== Segment start ==
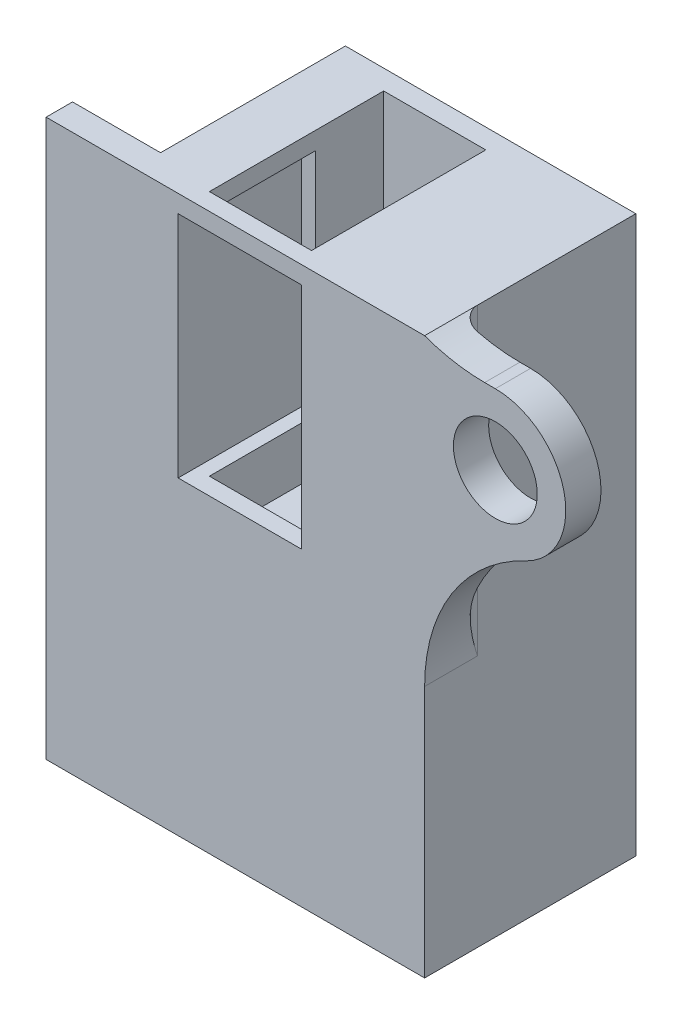
ISO-10303-21;
HEADER;
FILE_DESCRIPTION(('STEP AP214'),'2;1');
FILE_NAME('part.step','',(''),(''),'','','');
FILE_SCHEMA(('AUTOMOTIVE_DESIGN { 1 0 10303 214 1 1 1 1 }'));
ENDSEC;
DATA;
#1=APPLICATION_CONTEXT('core data for automotive mechanical design processes');
#2=APPLICATION_PROTOCOL_DEFINITION('international standard','automotive_design',2000,#1);
#3=PRODUCT_CONTEXT('',#1,'mechanical');
#4=PRODUCT('Part','Part','',(#3));
#5=PRODUCT_RELATED_PRODUCT_CATEGORY('part','',(#4));
#6=PRODUCT_DEFINITION_FORMATION('','',#4);
#7=PRODUCT_DEFINITION_CONTEXT('part definition',#1,'design');
#8=PRODUCT_DEFINITION('design','',#6,#7);
#9=PRODUCT_DEFINITION_SHAPE('','',#8);
#10=(LENGTH_UNIT() NAMED_UNIT(*) SI_UNIT(.MILLI.,.METRE.));
#11=(NAMED_UNIT(*) PLANE_ANGLE_UNIT() SI_UNIT($,.RADIAN.));
#12=(NAMED_UNIT(*) SI_UNIT($,.STERADIAN.) SOLID_ANGLE_UNIT());
#13=UNCERTAINTY_MEASURE_WITH_UNIT(LENGTH_MEASURE(1.E-05),#10,'distance_accuracy_value','');
#14=(GEOMETRIC_REPRESENTATION_CONTEXT(3) GLOBAL_UNCERTAINTY_ASSIGNED_CONTEXT((#13)) GLOBAL_UNIT_ASSIGNED_CONTEXT((#10,
#11,#12)) REPRESENTATION_CONTEXT('',''));
#15=CARTESIAN_POINT('',(0.,0.,0.));
#16=DIRECTION('',(0.,0.,1.));
#17=DIRECTION('',(1.,0.,0.));
#18=AXIS2_PLACEMENT_3D('',#15,#16,#17);
#19=CARTESIAN_POINT('',(0.,0.,-7.));
#20=DIRECTION('',(0.,0.,1.));
#21=DIRECTION('',(1.,0.,0.));
#22=AXIS2_PLACEMENT_3D('',#19,#20,#21);
#23=PLANE('',#22);
#24=DIRECTION('',(0.,-1.,0.));
#25=VECTOR('',#24,1.);
#26=CARTESIAN_POINT('',(3.3,0.,-7.));
#27=LINE('',#26,#25);
#28=CARTESIAN_POINT('',(3.3,32.6,-7.));
#29=VERTEX_POINT('',#28);
#30=CARTESIAN_POINT('',(3.3,19.6,-7.));
#31=VERTEX_POINT('',#30);
#32=EDGE_CURVE('E279',#29,#31,#27,.T.);
#33=ORIENTED_EDGE('',*,*,#32,.F.);
#34=DIRECTION('',(-1.,0.,0.));
#35=VECTOR('',#34,1.);
#36=CARTESIAN_POINT('',(0.,32.6,-7.));
#37=LINE('',#36,#35);
#38=CARTESIAN_POINT('',(2.5,32.6,-7.));
#39=VERTEX_POINT('',#38);
#40=EDGE_CURVE('E345',#29,#39,#37,.T.);
#41=ORIENTED_EDGE('',*,*,#40,.T.);
#42=DIRECTION('',(0.,-1.,0.));
#43=VECTOR('',#42,1.);
#44=CARTESIAN_POINT('',(2.50000000000001,0.,-7.));
#45=LINE('',#44,#43);
#46=CARTESIAN_POINT('',(2.5,19.6,-7.));
#47=VERTEX_POINT('',#46);
#48=EDGE_CURVE('E351',#39,#47,#45,.T.);
#49=ORIENTED_EDGE('',*,*,#48,.T.);
#50=DIRECTION('',(1.,0.,0.));
#51=VECTOR('',#50,1.);
#52=CARTESIAN_POINT('',(0.,19.6,-7.));
#53=LINE('',#52,#51);
#54=EDGE_CURVE('E356',#47,#31,#53,.T.);
#55=ORIENTED_EDGE('',*,*,#54,.T.);
#56=EDGE_LOOP('',(#33,#41,#49,#55));
#57=FACE_BOUND('',#56,.T.);
#58=ADVANCED_FACE('F43',(#57),#23,.T.);
#59=CARTESIAN_POINT('',(0.,0.,0.));
#60=DIRECTION('',(1.,0.,0.));
#61=DIRECTION('',(0.,0.,-1.));
#62=AXIS2_PLACEMENT_3D('',#59,#60,#61);
#63=PLANE('',#62);
#64=DIRECTION('',(0.,0.,1.));
#65=VECTOR('',#64,1.);
#66=CARTESIAN_POINT('',(0.,33.6,-12.));
#67=LINE('',#66,#65);
#68=CARTESIAN_POINT('',(0.,33.6,-12.));
#69=VERTEX_POINT('',#68);
#70=CARTESIAN_POINT('',(0.,33.6,-1.5));
#71=VERTEX_POINT('',#70);
#72=EDGE_CURVE('E304',#69,#71,#67,.T.);
#73=ORIENTED_EDGE('',*,*,#72,.F.);
#74=DIRECTION('',(0.,1.,0.));
#75=VECTOR('',#74,1.);
#76=CARTESIAN_POINT('',(0.,2.,-12.));
#77=LINE('',#76,#75);
#78=CARTESIAN_POINT('',(0.,2.,-12.));
#79=VERTEX_POINT('',#78);
#80=EDGE_CURVE('E288',#79,#69,#77,.T.);
#81=ORIENTED_EDGE('',*,*,#80,.F.);
#82=DIRECTION('',(0.,0.,1.));
#83=VECTOR('',#82,1.);
#84=CARTESIAN_POINT('',(0.,2.,-12.));
#85=LINE('',#84,#83);
#86=CARTESIAN_POINT('',(0.,2.,-1.5));
#87=VERTEX_POINT('',#86);
#88=EDGE_CURVE('E422',#79,#87,#85,.T.);
#89=ORIENTED_EDGE('',*,*,#88,.T.);
#90=DIRECTION('',(0.,-1.,0.));
#91=VECTOR('',#90,1.);
#92=CARTESIAN_POINT('',(0.,37.1,-1.5));
#93=LINE('',#92,#91);
#94=EDGE_CURVE('E321',#71,#87,#93,.T.);
#95=ORIENTED_EDGE('',*,*,#94,.F.);
#96=EDGE_LOOP('',(#73,#81,#89,#95));
#97=FACE_BOUND('',#96,.T.);
#98=ADVANCED_FACE('F492',(#97),#63,.F.);
#99=CARTESIAN_POINT('',(16.5,0.,0.));
#100=DIRECTION('',(0.,0.,-1.));
#101=DIRECTION('',(-1.,0.,0.));
#102=AXIS2_PLACEMENT_3D('',#99,#100,#101);
#103=PLANE('',#102);
#104=DIRECTION('',(-1.,0.,0.));
#105=VECTOR('',#104,1.);
#106=CARTESIAN_POINT('',(0.,32.6,0.));
#107=LINE('',#106,#105);
#108=CARTESIAN_POINT('',(9.5,32.6,0.));
#109=VERTEX_POINT('',#108);
#110=CARTESIAN_POINT('',(2.5,32.6,0.));
#111=VERTEX_POINT('',#110);
#112=EDGE_CURVE('E363',#109,#111,#107,.T.);
#113=ORIENTED_EDGE('',*,*,#112,.F.);
#114=DIRECTION('',(0.,1.,0.));
#115=VECTOR('',#114,1.);
#116=CARTESIAN_POINT('',(9.5,0.,0.));
#117=LINE('',#116,#115);
#118=CARTESIAN_POINT('',(9.5,19.6,0.));
#119=VERTEX_POINT('',#118);
#120=EDGE_CURVE('E340',#119,#109,#117,.T.);
#121=ORIENTED_EDGE('',*,*,#120,.F.);
#122=DIRECTION('',(1.,0.,0.));
#123=VECTOR('',#122,1.);
#124=CARTESIAN_POINT('',(0.,19.6,0.));
#125=LINE('',#124,#123);
#126=CARTESIAN_POINT('',(2.5,19.6,0.));
#127=VERTEX_POINT('',#126);
#128=EDGE_CURVE('E346',#127,#119,#125,.T.);
#129=ORIENTED_EDGE('',*,*,#128,.F.);
#130=DIRECTION('',(0.,-1.,0.));
#131=VECTOR('',#130,1.);
#132=CARTESIAN_POINT('',(2.50000000000001,0.,0.));
#133=LINE('',#132,#131);
#134=EDGE_CURVE('E367',#111,#127,#133,.T.);
#135=ORIENTED_EDGE('',*,*,#134,.F.);
#136=EDGE_LOOP('',(#113,#121,#129,#135));
#137=FACE_BOUND('',#136,.T.);
#138=CARTESIAN_POINT('',(20.5182193377738,29.,0.));
#139=DIRECTION('',(0.,0.,-1.));
#140=DIRECTION('',(-1.,0.,0.));
#141=AXIS2_PLACEMENT_3D('',#138,#139,#140);
#142=CIRCLE('',#141,2.38125);
#143=CARTESIAN_POINT('',(18.1369693377738,29.,0.));
#144=VERTEX_POINT('',#143);
#145=EDGE_CURVE('E398',#144,#144,#142,.T.);
#146=ORIENTED_EDGE('',*,*,#145,.T.);
#147=EDGE_LOOP('',(#146));
#148=FACE_BOUND('',#147,.T.);
#149=DIRECTION('',(-1.,0.,0.));
#150=VECTOR('',#149,1.);
#151=CARTESIAN_POINT('',(0.,33.,0.));
#152=LINE('',#151,#150);
#153=CARTESIAN_POINT('',(20.5182193377738,33.,0.));
#154=VERTEX_POINT('',#153);
#155=CARTESIAN_POINT('',(19.9117444218464,33.,0.));
#156=VERTEX_POINT('',#155);
#157=EDGE_CURVE('E408',#154,#156,#152,.T.);
#158=ORIENTED_EDGE('',*,*,#157,.T.);
#159=CARTESIAN_POINT('',(19.9117444218464,43.,0.));
#160=DIRECTION('',(0.,0.,-1.));
#161=DIRECTION('',(-1.,0.,0.));
#162=AXIS2_PLACEMENT_3D('',#159,#160,#161);
#163=CIRCLE('',#162,10.);
#164=CARTESIAN_POINT('',(16.5,33.6,0.));
#165=VERTEX_POINT('',#164);
#166=EDGE_CURVE('E439',#156,#165,#163,.T.);
#167=ORIENTED_EDGE('',*,*,#166,.T.);
#168=DIRECTION('',(1.,0.,0.));
#169=VECTOR('',#168,1.);
#170=CARTESIAN_POINT('',(-5.,33.6,0.));
#171=LINE('',#170,#169);
#172=CARTESIAN_POINT('',(-5.,33.6,0.));
#173=VERTEX_POINT('',#172);
#174=EDGE_CURVE('E313',#173,#165,#171,.T.);
#175=ORIENTED_EDGE('',*,*,#174,.F.);
#176=DIRECTION('',(0.,1.,0.));
#177=VECTOR('',#176,1.);
#178=CARTESIAN_POINT('',(-5.,2.,0.));
#179=LINE('',#178,#177);
#180=CARTESIAN_POINT('',(-5.,2.,0.));
#181=VERTEX_POINT('',#180);
#182=EDGE_CURVE('E322',#181,#173,#179,.T.);
#183=ORIENTED_EDGE('',*,*,#182,.F.);
#184=DIRECTION('',(1.,0.,0.));
#185=VECTOR('',#184,1.);
#186=CARTESIAN_POINT('',(0.,2.,0.));
#187=LINE('',#186,#185);
#188=CARTESIAN_POINT('',(16.5,2.,0.));
#189=VERTEX_POINT('',#188);
#190=EDGE_CURVE('E425',#181,#189,#187,.T.);
#191=ORIENTED_EDGE('',*,*,#190,.T.);
#192=DIRECTION('',(0.,-1.,0.));
#193=VECTOR('',#192,1.);
#194=CARTESIAN_POINT('',(16.5,0.,0.));
#195=LINE('',#194,#193);
#196=CARTESIAN_POINT('',(16.5,16.342263231169,0.));
#197=VERTEX_POINT('',#196);
#198=EDGE_CURVE('E431',#197,#189,#195,.T.);
#199=ORIENTED_EDGE('',*,*,#198,.F.);
#200=CARTESIAN_POINT('',(26.5,16.342263231169,0.));
#201=DIRECTION('',(0.,0.,-1.));
#202=DIRECTION('',(-1.,0.,0.));
#203=AXIS2_PLACEMENT_3D('',#200,#201,#202);
#204=CIRCLE('',#203,10.);
#205=CARTESIAN_POINT('',(22.2272995269813,25.383503780334,0.));
#206=VERTEX_POINT('',#205);
#207=EDGE_CURVE('E452',#197,#206,#204,.T.);
#208=ORIENTED_EDGE('',*,*,#207,.T.);
#209=CARTESIAN_POINT('',(20.5182193377738,29.,0.));
#210=DIRECTION('',(0.,0.,1.));
#211=DIRECTION('',(1.,0.,0.));
#212=AXIS2_PLACEMENT_3D('',#209,#210,#211);
#213=CIRCLE('',#212,4.);
#214=EDGE_CURVE('E402',#154,#206,#213,.F.);
#215=ORIENTED_EDGE('',*,*,#214,.F.);
#216=EDGE_LOOP('',(#158,#167,#175,#183,#191,#199,#208,#215));
#217=FACE_BOUND('',#216,.T.);
#218=ADVANCED_FACE('F480',(#137,#148,#217),#103,.F.);
#219=CARTESIAN_POINT('',(16.5,0.,0.));
#220=DIRECTION('',(1.,0.,0.));
#221=DIRECTION('',(0.,0.,-1.));
#222=AXIS2_PLACEMENT_3D('',#219,#220,#221);
#223=PLANE('',#222);
#224=DIRECTION('',(0.,0.,1.));
#225=VECTOR('',#224,1.);
#226=CARTESIAN_POINT('',(16.5,2.,-12.));
#227=LINE('',#226,#225);
#228=CARTESIAN_POINT('',(16.5,2.,-12.));
#229=VERTEX_POINT('',#228);
#230=EDGE_CURVE('E421',#229,#189,#227,.T.);
#231=ORIENTED_EDGE('',*,*,#230,.F.);
#232=DIRECTION('',(0.,-1.,0.));
#233=VECTOR('',#232,1.);
#234=CARTESIAN_POINT('',(16.5,2.,-12.));
#235=LINE('',#234,#233);
#236=CARTESIAN_POINT('',(16.5,33.6,-12.));
#237=VERTEX_POINT('',#236);
#238=EDGE_CURVE('E296',#237,#229,#235,.T.);
#239=ORIENTED_EDGE('',*,*,#238,.F.);
#240=DIRECTION('',(0.,0.,-1.));
#241=VECTOR('',#240,1.);
#242=CARTESIAN_POINT('',(16.5,33.6,0.));
#243=LINE('',#242,#241);
#244=CARTESIAN_POINT('',(16.5,33.6,-3.));
#245=VERTEX_POINT('',#244);
#246=EDGE_CURVE('E317',#245,#237,#243,.T.);
#247=ORIENTED_EDGE('',*,*,#246,.F.);
#248=DIRECTION('',(0.,1.,0.));
#249=VECTOR('',#248,1.);
#250=CARTESIAN_POINT('',(16.5,0.,-3.));
#251=LINE('',#250,#249);
#252=CARTESIAN_POINT('',(16.5,16.342263231169,-3.));
#253=VERTEX_POINT('',#252);
#254=EDGE_CURVE('E463',#245,#253,#251,.F.);
#255=ORIENTED_EDGE('',*,*,#254,.T.);
#256=DIRECTION('',(0.,0.,1.));
#257=VECTOR('',#256,1.);
#258=CARTESIAN_POINT('',(16.5,16.342263231169,0.));
#259=LINE('',#258,#257);
#260=EDGE_CURVE('E445',#253,#197,#259,.T.);
#261=ORIENTED_EDGE('',*,*,#260,.T.);
#262=ORIENTED_EDGE('',*,*,#198,.T.);
#263=EDGE_LOOP('',(#231,#239,#247,#255,#261,#262));
#264=FACE_BOUND('',#263,.T.);
#265=ADVANCED_FACE('F588',(#264),#223,.T.);
#266=CARTESIAN_POINT('',(0.,2.,-12.));
#267=DIRECTION('',(0.,1.,0.));
#268=DIRECTION('',(0.,0.,1.));
#269=AXIS2_PLACEMENT_3D('',#266,#267,#268);
#270=PLANE('',#269);
#271=CARTESIAN_POINT('',(8.25,2.,-6.));
#272=DIRECTION('',(0.,-1.,0.));
#273=DIRECTION('',(0.,0.,-1.));
#274=AXIS2_PLACEMENT_3D('',#271,#272,#273);
#275=CIRCLE('',#274,2.38125);
#276=CARTESIAN_POINT('',(8.25,2.,-8.38125));
#277=VERTEX_POINT('',#276);
#278=EDGE_CURVE('E377',#277,#277,#275,.T.);
#279=ORIENTED_EDGE('',*,*,#278,.F.);
#280=EDGE_LOOP('',(#279));
#281=FACE_BOUND('',#280,.T.);
#282=ORIENTED_EDGE('',*,*,#88,.F.);
#283=DIRECTION('',(-1.,0.,0.));
#284=VECTOR('',#283,1.);
#285=CARTESIAN_POINT('',(0.,2.,-12.));
#286=LINE('',#285,#284);
#287=EDGE_CURVE('E300',#229,#79,#286,.T.);
#288=ORIENTED_EDGE('',*,*,#287,.F.);
#289=ORIENTED_EDGE('',*,*,#230,.T.);
#290=ORIENTED_EDGE('',*,*,#190,.F.);
#291=DIRECTION('',(0.,0.,1.));
#292=VECTOR('',#291,1.);
#293=CARTESIAN_POINT('',(-5.,2.,-1.5));
#294=LINE('',#293,#292);
#295=CARTESIAN_POINT('',(-5.,2.,-1.5));
#296=VERTEX_POINT('',#295);
#297=EDGE_CURVE('E329',#296,#181,#294,.T.);
#298=ORIENTED_EDGE('',*,*,#297,.F.);
#299=DIRECTION('',(1.,0.,0.));
#300=VECTOR('',#299,1.);
#301=CARTESIAN_POINT('',(-5.,2.,-1.5));
#302=LINE('',#301,#300);
#303=EDGE_CURVE('E333',#296,#87,#302,.T.);
#304=ORIENTED_EDGE('',*,*,#303,.T.);
#305=EDGE_LOOP('',(#282,#288,#289,#290,#298,#304));
#306=FACE_BOUND('',#305,.T.);
#307=ADVANCED_FACE('F577',(#281,#306),#270,.F.);
#308=CARTESIAN_POINT('',(20.5182193377738,29.,-2.));
#309=DIRECTION('',(0.,0.,1.));
#310=DIRECTION('',(1.,0.,0.));
#311=AXIS2_PLACEMENT_3D('',#308,#309,#310);
#312=CYLINDRICAL_SURFACE('',#311,4.);
#313=ORIENTED_EDGE('',*,*,#214,.T.);
#314=DIRECTION('',(0.,0.,1.));
#315=VECTOR('',#314,1.);
#316=CARTESIAN_POINT('',(22.2272995269813,25.383503780334,-2.));
#317=LINE('',#316,#315);
#318=CARTESIAN_POINT('',(22.2272995269813,25.383503780334,-2.));
#319=VERTEX_POINT('',#318);
#320=EDGE_CURVE('E449',#206,#319,#317,.F.);
#321=ORIENTED_EDGE('',*,*,#320,.T.);
#322=CARTESIAN_POINT('',(20.5182193377738,29.,-2.));
#323=DIRECTION('',(0.,0.,1.));
#324=DIRECTION('',(1.,0.,0.));
#325=AXIS2_PLACEMENT_3D('',#322,#323,#324);
#326=CIRCLE('',#325,4.);
#327=CARTESIAN_POINT('',(20.5182193377738,33.,-2.));
#328=VERTEX_POINT('',#327);
#329=EDGE_CURVE('E403',#328,#319,#326,.F.);
#330=ORIENTED_EDGE('',*,*,#329,.F.);
#331=DIRECTION('',(0.,0.,1.));
#332=VECTOR('',#331,1.);
#333=CARTESIAN_POINT('',(20.5182193377738,33.,-2.));
#334=LINE('',#333,#332);
#335=EDGE_CURVE('E412',#328,#154,#334,.T.);
#336=ORIENTED_EDGE('',*,*,#335,.T.);
#337=EDGE_LOOP('',(#313,#321,#330,#336));
#338=FACE_BOUND('',#337,.T.);
#339=ADVANCED_FACE('F597',(#338),#312,.T.);
#340=CARTESIAN_POINT('',(0.,33.,-2.));
#341=DIRECTION('',(0.,1.,0.));
#342=DIRECTION('',(0.,0.,1.));
#343=AXIS2_PLACEMENT_3D('',#340,#341,#342);
#344=PLANE('',#343);
#345=DIRECTION('',(-1.,0.,0.));
#346=VECTOR('',#345,1.);
#347=CARTESIAN_POINT('',(0.,33.,-2.));
#348=LINE('',#347,#346);
#349=CARTESIAN_POINT('',(19.9117444218464,33.,-2.));
#350=VERTEX_POINT('',#349);
#351=EDGE_CURVE('E407',#328,#350,#348,.T.);
#352=ORIENTED_EDGE('',*,*,#351,.T.);
#353=DIRECTION('',(0.,0.,1.));
#354=VECTOR('',#353,1.);
#355=CARTESIAN_POINT('',(19.9117444218464,33.,0.));
#356=LINE('',#355,#354);
#357=EDGE_CURVE('E435',#350,#156,#356,.T.);
#358=ORIENTED_EDGE('',*,*,#357,.T.);
#359=ORIENTED_EDGE('',*,*,#157,.F.);
#360=ORIENTED_EDGE('',*,*,#335,.F.);
#361=EDGE_LOOP('',(#352,#358,#359,#360));
#362=FACE_BOUND('',#361,.T.);
#363=ADVANCED_FACE('F603',(#362),#344,.T.);
#364=CARTESIAN_POINT('',(0.,0.,-2.));
#365=DIRECTION('',(0.,0.,1.));
#366=DIRECTION('',(1.,0.,0.));
#367=AXIS2_PLACEMENT_3D('',#364,#365,#366);
#368=PLANE('',#367);
#369=CARTESIAN_POINT('',(20.5182193377738,29.,-2.));
#370=DIRECTION('',(0.,0.,-1.));
#371=DIRECTION('',(-1.,0.,0.));
#372=AXIS2_PLACEMENT_3D('',#369,#370,#371);
#373=CIRCLE('',#372,2.38125);
#374=CARTESIAN_POINT('',(18.1369693377738,29.,-2.));
#375=VERTEX_POINT('',#374);
#376=EDGE_CURVE('E391',#375,#375,#373,.T.);
#377=ORIENTED_EDGE('',*,*,#376,.F.);
#378=EDGE_LOOP('',(#377));
#379=FACE_BOUND('',#378,.T.);
#380=CARTESIAN_POINT('',(26.5,16.342263231169,-2.));
#381=DIRECTION('',(0.,0.,1.));
#382=DIRECTION('',(1.,0.,0.));
#383=AXIS2_PLACEMENT_3D('',#380,#381,#382);
#384=CIRCLE('',#383,10.);
#385=CARTESIAN_POINT('',(17.5,20.7011621747097,-2.));
#386=VERTEX_POINT('',#385);
#387=EDGE_CURVE('E455',#319,#386,#384,.T.);
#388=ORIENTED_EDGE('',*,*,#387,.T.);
== Segment end ==
The response must contain exactly the lines from the one with "#354=VECTOR('',#353,1.);" to the end of the entries above, both included, and nothing more.

» **Result of the exercise**
#354=VECTOR('',#353,1.);
#355=CARTESIAN_POINT('',(19.9117444218464,33.,0.));
#356=LINE('',#355,#354);
#357=EDGE_CURVE('E435',#350,#156,#356,.T.);
#358=ORIENTED_EDGE('',*,*,#357,.T.);
#359=ORIENTED_EDGE('',*,*,#157,.F.);
#360=ORIENTED_EDGE('',*,*,#335,.F.);
#361=EDGE_LOOP('',(#352,#358,#359,#360));
#362=FACE_BOUND('',#361,.T.);
#363=ADVANCED_FACE('F603',(#362),#344,.T.);
#364=CARTESIAN_POINT('',(0.,0.,-2.));
#365=DIRECTION('',(0.,0.,1.));
#366=DIRECTION('',(1.,0.,0.));
#367=AXIS2_PLACEMENT_3D('',#364,#365,#366);
#368=PLANE('',#367);
#369=CARTESIAN_POINT('',(20.5182193377738,29.,-2.));
#370=DIRECTION('',(0.,0.,-1.));
#371=DIRECTION('',(-1.,0.,0.));
#372=AXIS2_PLACEMENT_3D('',#369,#370,#371);
#373=CIRCLE('',#372,2.38125);
#374=CARTESIAN_POINT('',(18.1369693377738,29.,-2.));
#375=VERTEX_POINT('',#374);
#376=EDGE_CURVE('E391',#375,#375,#373,.T.);
#377=ORIENTED_EDGE('',*,*,#376,.F.);
#378=EDGE_LOOP('',(#377));
#379=FACE_BOUND('',#378,.T.);
#380=CARTESIAN_POINT('',(26.5,16.342263231169,-2.));
#381=DIRECTION('',(0.,0.,1.));
#382=DIRECTION('',(1.,0.,0.));
#383=AXIS2_PLACEMENT_3D('',#380,#381,#382);
#384=CIRCLE('',#383,10.);
#385=CARTESIAN_POINT('',(17.5,20.7011621747097,-2.));
#386=VERTEX_POINT('',#385);
#387=EDGE_CURVE('E455',#319,#386,#384,.T.);
#388=ORIENTED_EDGE('',*,*,#387,.T.);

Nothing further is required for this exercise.